Lis und Actons Artikel war Teil einer größeren Reihe von Studien, an denen Kollegen aus der SOM-Fakultät und andere Forscher beteiligt waren und die alle durch ein Stipendium des US Army Research Institute unterstützt wurden. Li präsentierte die Studie kürzlich der Academy of Management, die sie unter etwa 3.000 Einsendungen auf die Liste der „Best Papers“ setzte.

Die Studie habe einen Bedarf an kritischerem Denken bei der Beurteilung der Führungsleistung von Unternehmen aufgedeckt, sagten Acton und Li. Ihre Erkenntnisse könnten dazu genutzt werden, Organisationen und Unternehmen, sogar dem Militär, dabei zu helfen, Entscheidungen über Beförderungen oder Gehaltserhöhungen zu treffen, die sich auf die Mitarbeiterfluktuation auswirken könnten oder darauf, ob Führungskräfte, die sich an schädlichen Managementpraktiken beteiligen, in ihren Rollen bleiben.
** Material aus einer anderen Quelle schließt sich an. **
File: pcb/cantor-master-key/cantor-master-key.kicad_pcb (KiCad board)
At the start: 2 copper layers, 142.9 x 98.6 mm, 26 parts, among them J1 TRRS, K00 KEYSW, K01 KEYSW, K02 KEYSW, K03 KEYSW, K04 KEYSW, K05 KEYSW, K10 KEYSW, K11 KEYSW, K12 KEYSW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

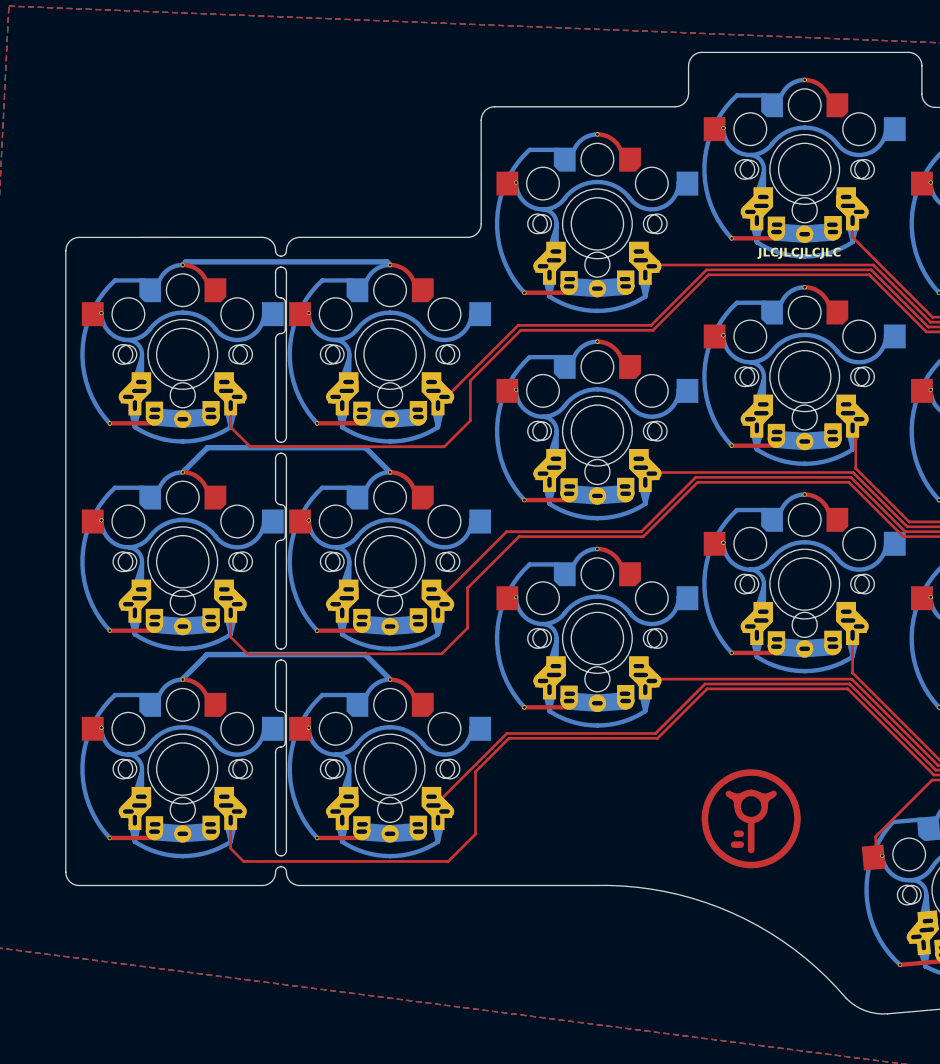
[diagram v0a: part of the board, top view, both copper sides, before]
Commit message: Made truncated version for footprint prototype
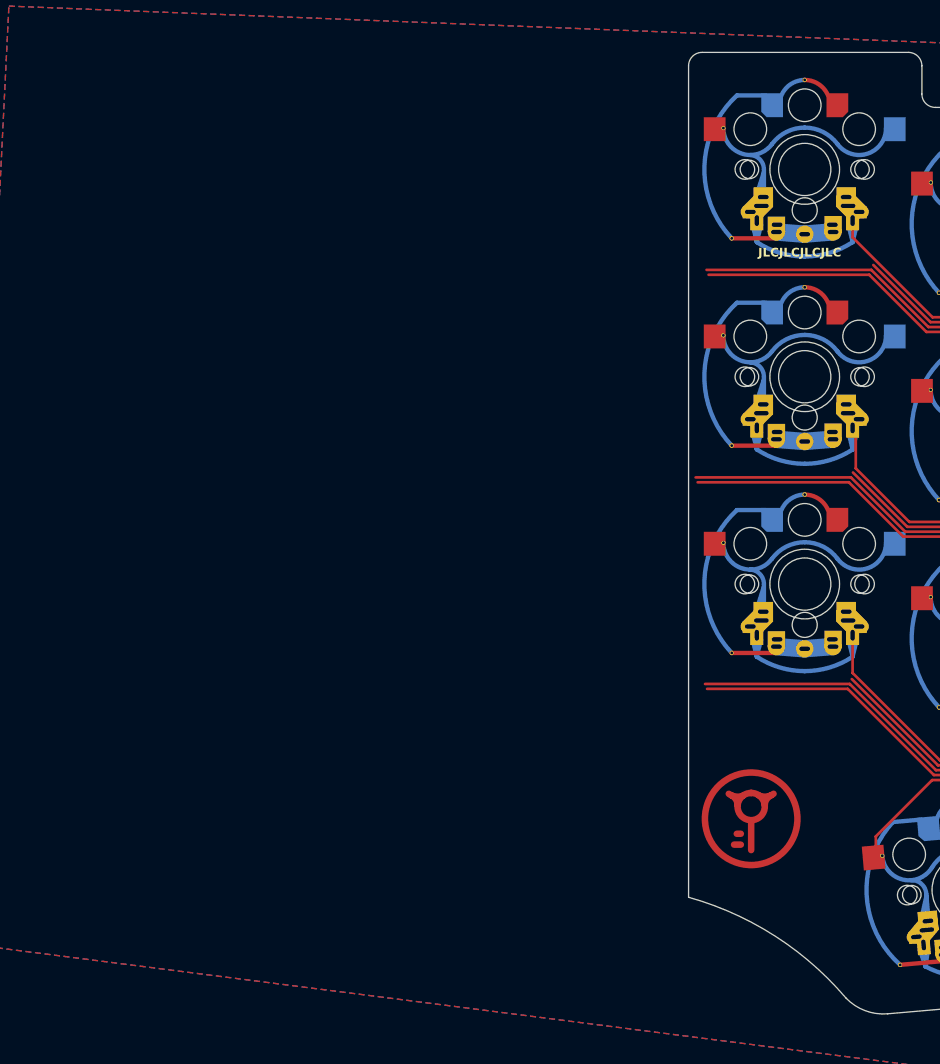
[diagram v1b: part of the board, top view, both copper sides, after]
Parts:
- removed K00, K01, K02, K10, K11, K12, K20, K21, K22: KEYSW, Cantor_MasterKey:ALL LOWs CANTOR v4.1
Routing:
- net GND: track 122.0 -> 60.9 mm
- net /k20: track 170.9 -> 114.1 mm
- net /k00: track 170.2 -> 114.9 mm
- net /k10: track 140.2 -> 85.8 mm
- net /k21: track 145.9 -> 116.2 mm
- net /k01: track 118.2 -> 89.3 mm
- net /k11: track 113.6 -> 85.3 mm
- net /k02: track 105.1 -> 82.6 mm
- net /k22: track 125.0 -> 105.9 mm
- net /k12: track 92.0 -> 73.5 mm
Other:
- board size 142.9 x 98.6 mm -> 85.6 x 98.6 mm

„Es gibt einen großen Unterschied zwischen der Art und Weise, wie Menschen die Leistung einer Führungskraft wahrnehmen, und wie effektiv diese Führungskraft in dieser Rolle wirklich ist“, sagte Acton, dessen Fachwissen sich auf organisatorisches Verhalten und Führung konzentriert. „Wenn wir die falschen Leute befördern, schlechte Führungskräfte in ihren Positionen halten und wichtige Entscheidungen auf der Grundlage eines allzu vereinfachten Ansatzes für Führungsstudien treffen, könnte das ein Problem sein.“

Um herauszufinden, wie sich das Gedächtnis auf die Wahrnehmung von toxischen und ethischen Führungspraktiken auswirkt, holten die SOM-Forscher zunächst Feedback von 200 Teilnehmern ein, deren Berufe in den Bereichen Vertrieb, Buchhaltung, Webentwicklung und Technik reichten.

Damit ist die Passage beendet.